Copy exactly the stretch of data below from the line with "6), z_dir=(0, 0, -1))" through the line with "0, 6))[0], mode=Mode.SUBTRACT)", including both of those lines.

────────────────

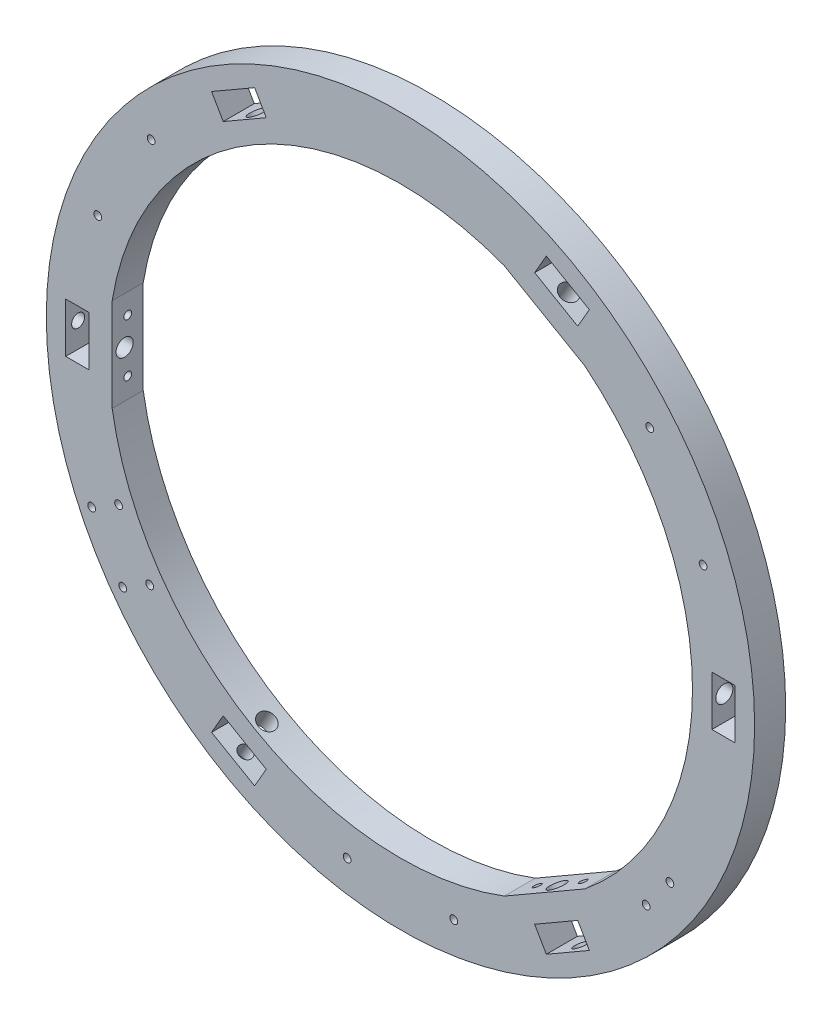
from build123d import *

# Parameters (mm, degrees)
ESQUISSE1_R                           = 114
BOSS_EXTRU_1_DEPTH                    = 10
ESQUISSE2_R                           = 1.25
ENL_V_MAT_EXTRU_1_DEPTH               = 7.45
R_P_TITION_CIRCULAIRE1_COUNT          = 3
ENL_V_MAT_EXTRU_2_REACH               = 163.53
ESQUISSE3_W                           = 7.5
ESQUISSE3_H                           = 16
ENL_V_MAT_EXTRU_3_REACH               = 244.897
ENL_V_MAT_EXTRU_3_END_RADIUS          = 94
ESQUISSE4_R                           = 2.75
ESQUISSE5_R                           = 2.1
ENL_V_MAT_EXTRU_4_DEPTH               = 5
R_P_TITION_START                      = -107.75
R_P_TITION_CIRCULAIRE2_OUTLINE_W      = 16
R_P_TITION_CIRCULAIRE2_OUTLINE_H      = 10
R_P_TITION_CIRCULAIRE2_DEPTH          = 7.5
R_P_TITION_START_2                    = -100.25
R_P_TITION_CIRCULAIRE2_2_OUTLINE_R    = 2.75
R_P_TITION_CIRCULAIRE2_2_DEPTH        = 7.454525972
R_P_TITION_START_3                    = -112.75
R_P_TITION_CIRCULAIRE2_3_OUTLINE_R    = 2.1
R_P_TITION_CIRCULAIRE2_3_DEPTH        = 5
R_P_TITION_CIRCULAIRE2_4_OUTLINE_W    = 16
R_P_TITION_CIRCULAIRE2_4_OUTLINE_H    = 10
R_P_TITION_CIRCULAIRE2_4_DEPTH        = 7.5
R_P_TITION_START_4                    = 100.25
R_P_TITION_CIRCULAIRE2_5_OUTLINE_W    = 16
R_P_TITION_CIRCULAIRE2_5_OUTLINE_H    = 10
R_P_TITION_CIRCULAIRE2_5_DEPTH        = 7.5
R_P_TITION_CIRCULAIRE2_6_OUTLINE_R    = 2.1
R_P_TITION_CIRCULAIRE2_6_DEPTH        = 225.5
R_P_TITION_CIRCULAIRE2_7_OUTLINE_R    = 2.75
R_P_TITION_CIRCULAIRE2_7_OUTLINE_R_2  = 2.1
R_P_TITION_CIRCULAIRE2_7_DEPTH        = 200.5
R_P_TITION_CIRCULAIRE2_8_OUTLINE_W    = 16
R_P_TITION_CIRCULAIRE2_8_OUTLINE_H    = 10
R_P_TITION_CIRCULAIRE2_8_DEPTH        = 7.5
R_P_TITION_CIRCULAIRE2_9_OUTLINE_W    = 16
R_P_TITION_CIRCULAIRE2_9_OUTLINE_H    = 10
R_P_TITION_CIRCULAIRE2_9_DEPTH        = 7.5
R_P_TITION_CIRCULAIRE2_10_OUTLINE_R   = 2.1
R_P_TITION_CIRCULAIRE2_10_DEPTH       = 225.5
R_P_TITION_CIRCULAIRE2_11_OUTLINE_R   = 2.75
R_P_TITION_CIRCULAIRE2_11_OUTLINE_R_2 = 2.1
R_P_TITION_CIRCULAIRE2_11_DEPTH       = 200.5
SERVO_SUPPORT_HOLES_REACH             = 163.53
ESQUISSE6_R                           = 1.25
ENL_V_MAT_EXTRU_6_REACH               = 163.53
ESQUISSE7_R                           = 1.25
R_P_TITION_CIRCULAIRE3_COUNT          = 3
LIMIT_SWITCH_SUPPORT_HOLES_REACH      = 163.53
ESQUISSE8_R                           = 1.25


# Read off the part's stored shape, not the designer's step: Répétition circulaire2
with BuildPart() as part:
    # Esquisse1 → Boss.-Extru.1 (new body)
    with BuildSketch(Plane.XY):
        Circle(ESQUISSE1_R)
        with BuildLine():
            Line((59.388118071, 72.863237864), (33.407355957, 87.863237864))
            ThreePointArc((33.407355957, 87.863237864), (-47, 81.406387956), (-92.795474028, 15))
            Line((-92.795474028, 15), (-92.795474028, -15))
            ThreePointArc((-92.795474028, -15), (-47, -81.406387956), (33.407355957, -87.863237864))
            Line((33.407355957, -87.863237864), (59.388118071, -72.863237864))
            ThreePointArc((59.388118071, -72.863237864), (94, 0), (59.388118071, 72.863237864))
        make_face(mode=Mode.SUBTRACT)
    extrude(amount=BOSS_EXTRU_1_DEPTH)

    # Esquisse2 → Enlèv. mat.-Extru.1 (cut)
    with BuildSketch(Plane(origin=(46.397737014, -80.363237864, 0), x_dir=(0.8660254037844383, 0.5000000000000008, 0), z_dir=(-0.5000000000000007, 0.8660254037844382, 0))):
        with Locations(Location((-8.5, -5, 0), (0, 0, 180))):
            Circle(ESQUISSE2_R)
        with Locations(Location((8.5, -5, 0), (0, 0, 180))):
            Circle(ESQUISSE2_R)
    enl_v_mat_extru_1 = extrude(amount=-ENL_V_MAT_EXTRU_1_DEPTH, mode=Mode.SUBTRACT)

    # Répétition circulaire1: Enlèv. mat.-Extru.1 ×3 about axis
    r_p_tition_circulaire1_axis = Axis((0, 0, 0), (0, 0, 1))
    for i in range(1, R_P_TITION_CIRCULAIRE1_COUNT):
        add(enl_v_mat_extru_1.rotate(r_p_tition_circulaire1_axis, i * 360 / R_P_TITION_CIRCULAIRE1_COUNT), mode=Mode.SUBTRACT)

    # Esquisse3 → Enlèv. mat.-Extru.2 (cut, up to next)
    with BuildSketch(Plane(origin=(0, 0, 0), x_dir=(-1, 0, 0), z_dir=(0, 0, -1)), mode=Mode.PRIVATE) as enl_v_mat_extru_2_sk1:
        with Locations((-104, 0)):
            Rectangle(ESQUISSE3_W, ESQUISSE3_H)
    enl_v_mat_extru_2_tool1 = extrude(enl_v_mat_extru_2_sk1.sketch, amount=-ENL_V_MAT_EXTRU_2_REACH, mode=Mode.PRIVATE) & part.part
    add(enl_v_mat_extru_2_tool1.solids().sort_by_distance((104, 0, 0))[0], mode=Mode.SUBTRACT)

    # Enlèv. mat.-Extru.3: up to this cylinder (the profile starts outside it)
    enl_v_mat_extru_3_end = Plane(origin=(0, 0, 6), z_dir=(0, 0, -1)) * Cylinder(ENL_V_MAT_EXTRU_3_END_RADIUS, 678.794, mode=Mode.PRIVATE)
    # Esquisse4 → Enlèv. mat.-Extru.3 (cut, up to the surface)
    with BuildSketch(Plane(origin=(100.25, 0, 0), x_dir=(0, 0, -1), z_dir=(1, 0, 0)), mode=Mode.PRIVATE) as enl_v_mat_extru_3_sk1:
        with Locations((-6, 0)):
            Circle(ESQUISSE4_R)
    enl_v_mat_extru_3_tool1 = extrude(enl_v_mat_extru_3_sk1.sketch, amount=-ENL_V_MAT_EXTRU_3_REACH, mode=Mode.PRIVATE) - enl_v_mat_extru_3_end
    add(enl_v_mat_extru_3_tool1.solids().sort_by_distance((100.25, 0, 6))[0], mode=Mode.SUBTRACT)

    # Esquisse5 → Enlèv. mat.-Extru.4 (cut)
    with BuildSketch(Plane.ZY.offset(-107.75)):
        with Locations((6, 0)):
            Circle(ESQUISSE5_R)
    extrude(amount=-ENL_V_MAT_EXTRU_4_DEPTH, mode=Mode.SUBTRACT)

    # Répétition circulaire2 outline → Répétition circulaire2 (cut)
    with BuildSketch(Plane.YZ.offset(R_P_TITION_START)):
        with Locations((0, 5)):
            Rectangle(R_P_TITION_CIRCULAIRE2_OUTLINE_W, R_P_TITION_CIRCULAIRE2_OUTLINE_H)
    extrude(amount=R_P_TITION_CIRCULAIRE2_DEPTH, mode=Mode.SUBTRACT)

    # R_p_tition circulaire2 2 outline → R_p_tition circulaire2 2 (cut)
    with BuildSketch(Plane.YZ.offset(R_P_TITION_START_2)):
        with Locations((0, 6)):
            Circle(R_P_TITION_CIRCULAIRE2_2_OUTLINE_R)
    extrude(amount=R_P_TITION_CIRCULAIRE2_2_DEPTH, mode=Mode.SUBTRACT)

    # R_p_tition circulaire2 3 outline → R_p_tition circulaire2 3 (cut)
    with BuildSketch(Plane.YZ.offset(R_P_TITION_START_3)):
        with Locations((0, 6)):
            Circle(R_P_TITION_CIRCULAIRE2_3_OUTLINE_R)
    extrude(amount=R_P_TITION_CIRCULAIRE2_3_DEPTH, mode=Mode.SUBTRACT)

    # R_p_tition circulaire2 4 outline → R_p_tition circulaire2 4 (cut)
    with BuildSketch(Plane(origin=(0, 0, 0), x_dir=(0.8660254037844398, -0.499999999999998, 0), z_dir=(0.49999999999999795, 0.8660254037844399, 0)).offset(R_P_TITION_START)):
        with Locations((0, -5)):
            Rectangle(R_P_TITION_CIRCULAIRE2_4_OUTLINE_W, R_P_TITION_CIRCULAIRE2_4_OUTLINE_H)
    extrude(amount=R_P_TITION_CIRCULAIRE2_4_DEPTH, mode=Mode.SUBTRACT)

    # R_p_tition circulaire2 5 outline → R_p_tition circulaire2 5 (cut)
    with BuildSketch(Plane(origin=(0, 0, 0), x_dir=(0.8660254037844398, -0.499999999999998, 0), z_dir=(0.49999999999999795, 0.8660254037844399, 0)).offset(R_P_TITION_START_4)):
        with Locations((0, -5)):
            Rectangle(R_P_TITION_CIRCULAIRE2_5_OUTLINE_W, R_P_TITION_CIRCULAIRE2_5_OUTLINE_H)
    extrude(amount=R_P_TITION_CIRCULAIRE2_5_DEPTH, mode=Mode.SUBTRACT)

    # R_p_tition circulaire2 6 outline → R_p_tition circulaire2 6 (cut)
    with BuildSketch(Plane(origin=(0, 0, 0), x_dir=(0.8660254037844398, -0.499999999999998, 0), z_dir=(0.49999999999999795, 0.8660254037844399, 0)).offset(R_P_TITION_START_3)):
        with Locations((0, -6)):
            Circle(R_P_TITION_CIRCULAIRE2_6_OUTLINE_R)
    extrude(amount=R_P_TITION_CIRCULAIRE2_6_DEPTH, mode=Mode.SUBTRACT)

    # R_p_tition circulaire2 7 outline → R_p_tition circulaire2 7 (cut)
    with BuildSketch(Plane(origin=(0, 0, 0), x_dir=(0.8660254037844398, -0.499999999999998, 0), z_dir=(0.49999999999999795, 0.8660254037844399, 0)).offset(R_P_TITION_START_2)):
        with Locations((0, -6)):
            Circle(R_P_TITION_CIRCULAIRE2_7_OUTLINE_R)
        with Locations((0, -6)):
            Circle(R_P_TITION_CIRCULAIRE2_7_OUTLINE_R_2, mode=Mode.SUBTRACT)
    extrude(amount=R_P_TITION_CIRCULAIRE2_7_DEPTH, mode=Mode.SUBTRACT)

    # R_p_tition circulaire2 8 outline → R_p_tition circulaire2 8 (cut)
    with BuildSketch(Plane(origin=(0, 0, 0), x_dir=(0.8660254037844362, 0.5000000000000042, 0), z_dir=(0.5000000000000042, -0.8660254037844363, 0)).offset(R_P_TITION_START)):
        with Locations((0, 5)):
            Rectangle(R_P_TITION_CIRCULAIRE2_8_OUTLINE_W, R_P_TITION_CIRCULAIRE2_8_OUTLINE_H)
    extrude(amount=R_P_TITION_CIRCULAIRE2_8_DEPTH, mode=Mode.SUBTRACT)

    # R_p_tition circulaire2 9 outline → R_p_tition circulaire2 9 (cut)
    with BuildSketch(Plane(origin=(0, 0, 0), x_dir=(0.8660254037844362, 0.5000000000000042, 0), z_dir=(0.5000000000000042, -0.8660254037844363, 0)).offset(R_P_TITION_START_4)):
        with Locations((0, 5)):
            Rectangle(R_P_TITION_CIRCULAIRE2_9_OUTLINE_W, R_P_TITION_CIRCULAIRE2_9_OUTLINE_H)
    extrude(amount=R_P_TITION_CIRCULAIRE2_9_DEPTH, mode=Mode.SUBTRACT)

    # R_p_tition circulaire2 10 outline → R_p_tition circulaire2 10 (cut)
    with BuildSketch(Plane(origin=(0, 0, 0), x_dir=(0.8660254037844362, 0.5000000000000042, 0), z_dir=(0.5000000000000042, -0.8660254037844363, 0)).offset(R_P_TITION_START_3)):
        with Locations((0, 6)):
            Circle(R_P_TITION_CIRCULAIRE2_10_OUTLINE_R)
    extrude(amount=R_P_TITION_CIRCULAIRE2_10_DEPTH, mode=Mode.SUBTRACT)

    # R_p_tition circulaire2 11 outline → R_p_tition circulaire2 11 (cut)
    with BuildSketch(Plane(origin=(0, 0, 0), x_dir=(0.8660254037844362, 0.5000000000000042, 0), z_dir=(0.5000000000000042, -0.8660254037844363, 0)).offset(R_P_TITION_START_2)):
        with Locations((0, 6)):
            Circle(R_P_TITION_CIRCULAIRE2_11_OUTLINE_R)
        with Locations((0, 6)):
            Circle(R_P_TITION_CIRCULAIRE2_11_OUTLINE_R_2, mode=Mode.SUBTRACT)
    extrude(amount=R_P_TITION_CIRCULAIRE2_11_DEPTH, mode=Mode.SUBTRACT)

    # Esquisse6 → Servo support holes (cut, up to next)
    with BuildSketch(Plane(origin=(0, 0, 0), x_dir=(-1, 0, 0), z_dir=(0, 0, -1)), mode=Mode.PRIVATE) as servo_support_holes_sk1:
        with Locations((80.736514975, -58.160254038)):
            Circle(ESQUISSE6_R)
    servo_support_holes_tool1 = extrude(servo_support_holes_sk1.sketch, amount=-SERVO_SUPPORT_HOLES_REACH, mode=Mode.PRIVATE) & part.part
    # Esquisse6 → Servo support holes (cut, up to next)
    with BuildSketch(Plane(origin=(0, 0, 0), x_dir=(-1, 0, 0), z_dir=(0, 0, -1)), mode=Mode.PRIVATE) as servo_support_holes_sk2:
        with Locations((90.736514975, -40.839745962)):
            Circle(ESQUISSE6_R)
    servo_support_holes_tool2 = extrude(servo_support_holes_sk2.sketch, amount=-SERVO_SUPPORT_HOLES_REACH, mode=Mode.PRIVATE) & part.part
    # Esquisse6 → Servo support holes (cut, up to next)
    with BuildSketch(Plane(origin=(0, 0, 0), x_dir=(-1, 0, 0), z_dir=(0, 0, -1)), mode=Mode.PRIVATE) as servo_support_holes_sk3:
        with Locations((99.396769013, -45.839745962)):
            Circle(ESQUISSE6_R)
    servo_support_holes_tool3 = extrude(servo_support_holes_sk3.sketch, amount=-SERVO_SUPPORT_HOLES_REACH, mode=Mode.PRIVATE) & part.part
    # Esquisse6 → Servo support holes (cut, up to next)
    with BuildSketch(Plane(origin=(0, 0, 0), x_dir=(-1, 0, 0), z_dir=(0, 0, -1)), mode=Mode.PRIVATE) as servo_support_holes_sk4:
        with Locations((89.396769013, -63.160254038)):
            Circle(ESQUISSE6_R)
    servo_support_holes_tool4 = extrude(servo_support_holes_sk4.sketch, amount=-SERVO_SUPPORT_HOLES_REACH, mode=Mode.PRIVATE) & part.part
    add(servo_support_holes_tool1.solids().sort_by_distance((-80.736515, -58.160254, 0))[0], mode=Mode.SUBTRACT)
    add(servo_support_holes_tool2.solids().sort_by_distance((-90.736515, -40.839746, 0))[0], mode=Mode.SUBTRACT)
    add(servo_support_holes_tool3.solids().sort_by_distance((-99.396769, -45.839746, 0))[0], mode=Mode.SUBTRACT)
    add(servo_support_holes_tool4.solids().sort_by_distance((-89.396769, -63.160254, 0))[0], mode=Mode.SUBTRACT)

    # Esquisse7 → Enlèv. mat.-Extru.6 (cut, up to next)
    with BuildSketch(Plane(origin=(0, 0, 0), x_dir=(-1, 0, 0), z_dir=(0, 0, -1)), mode=Mode.PRIVATE) as enl_v_mat_extru_6_sk1:
        with Locations((-17.16495101, -102.57370256)):
            Circle(ESQUISSE7_R)
    enl_v_mat_extru_6_tool1 = extrude(enl_v_mat_extru_6_sk1.sketch, amount=-ENL_V_MAT_EXTRU_6_REACH, mode=Mode.PRIVATE) & part.part
    # Esquisse7 → Enlèv. mat.-Extru.6 (cut, up to next)
    with BuildSketch(Plane(origin=(0, 0, 0), x_dir=(-1, 0, 0), z_dir=(0, 0, -1)), mode=Mode.PRIVATE) as enl_v_mat_extru_6_sk2:
        with Locations((17.16495101, -102.57370256)):
            Circle(ESQUISSE7_R)
    enl_v_mat_extru_6_tool2 = extrude(enl_v_mat_extru_6_sk2.sketch, amount=-ENL_V_MAT_EXTRU_6_REACH, mode=Mode.PRIVATE) & part.part
    enl_v_mat_extru_6_1 = enl_v_mat_extru_6_tool1.solids().sort_by_distance((17.164951, -102.573703, 0))[0]
    add(enl_v_mat_extru_6_1, mode=Mode.SUBTRACT)
    enl_v_mat_extru_6_2 = enl_v_mat_extru_6_tool2.solids().sort_by_distance((-17.164951, -102.573703, 0))[0]
    add(enl_v_mat_extru_6_2, mode=Mode.SUBTRACT)
    enl_v_mat_extru_6 = enl_v_mat_extru_6_1 + enl_v_mat_extru_6_2  # Enlèv. mat.-Extru.6 as one shape, for the pattern or mirror that repeats it

    # Répétition circulaire3: Enlèv. mat.-Extru.6 ×3 about axis
    r_p_tition_circulaire3_axis = Axis((0, 0, 0), (0, 0, 1))
    for i in range(1, R_P_TITION_CIRCULAIRE3_COUNT):
        add(enl_v_mat_extru_6.rotate(r_p_tition_circulaire3_axis, i * 360 / R_P_TITION_CIRCULAIRE3_COUNT), mode=Mode.SUBTRACT)

    # Esquisse8 → limit switch support holes (cut, up to next)
    with BuildSketch(Plane(origin=(0, 0, 0), x_dir=(-1, 0, 0), z_dir=(0, 0, -1)), mode=Mode.PRIVATE) as limit_switch_support_holes_sk1:
        with Locations((-86.724125495, -57.401446472)):
            Circle(ESQUISSE8_R)
    limit_switch_support_holes_tool1 = extrude(limit_switch_support_holes_sk1.sketch, amount=-LIMIT_SWITCH_SUPPORT_HOLES_REACH, mode=Mode.PRIVATE) & part.part
    # Esquisse8 → limit switch support holes (cut, up to next)
    with BuildSketch(Plane(origin=(0, 0, 0), x_dir=(-1, 0, 0), z_dir=(0, 0, -1)), mode=Mode.PRIVATE) as limit_switch_support_holes_sk2:
        with Locations((-79.082220422, -67.542597026)):
            Circle(ESQUISSE8_R)
    limit_switch_support_holes_tool2 = extrude(limit_switch_support_holes_sk2.sketch, amount=-LIMIT_SWITCH_SUPPORT_HOLES_REACH, mode=Mode.PRIVATE) & part.part
    add(limit_switch_support_holes_tool1.solids().sort_by_distance((86.724125, -57.401446, 0))[0], mode=Mode.SUBTRACT)
    add(limit_switch_support_holes_tool2.solids().sort_by_distance((79.08222, -67.542597, 0))[0], mode=Mode.SUBTRACT)


solid = part.part

────────────────

» **OUTPUT BELOW**
    enl_v_mat_extru_3_end = Plane(origin=(0, 0, 6), z_dir=(0, 0, -1)) * Cylinder(ENL_V_MAT_EXTRU_3_END_RADIUS, 678.794, mode=Mode.PRIVATE)
    # Esquisse4 → Enlèv. mat.-Extru.3 (cut, up to the surface)
    with BuildSketch(Plane(origin=(100.25, 0, 0), x_dir=(0, 0, -1), z_dir=(1, 0, 0)), mode=Mode.PRIVATE) as enl_v_mat_extru_3_sk1:
        with Locations((-6, 0)):
            Circle(ESQUISSE4_R)
    enl_v_mat_extru_3_tool1 = extrude(enl_v_mat_extru_3_sk1.sketch, amount=-ENL_V_MAT_EXTRU_3_REACH, mode=Mode.PRIVATE) - enl_v_mat_extru_3_end
    add(enl_v_mat_extru_3_tool1.solids().sort_by_distance((100.25, 0, 6))[0], mode=Mode.SUBTRACT)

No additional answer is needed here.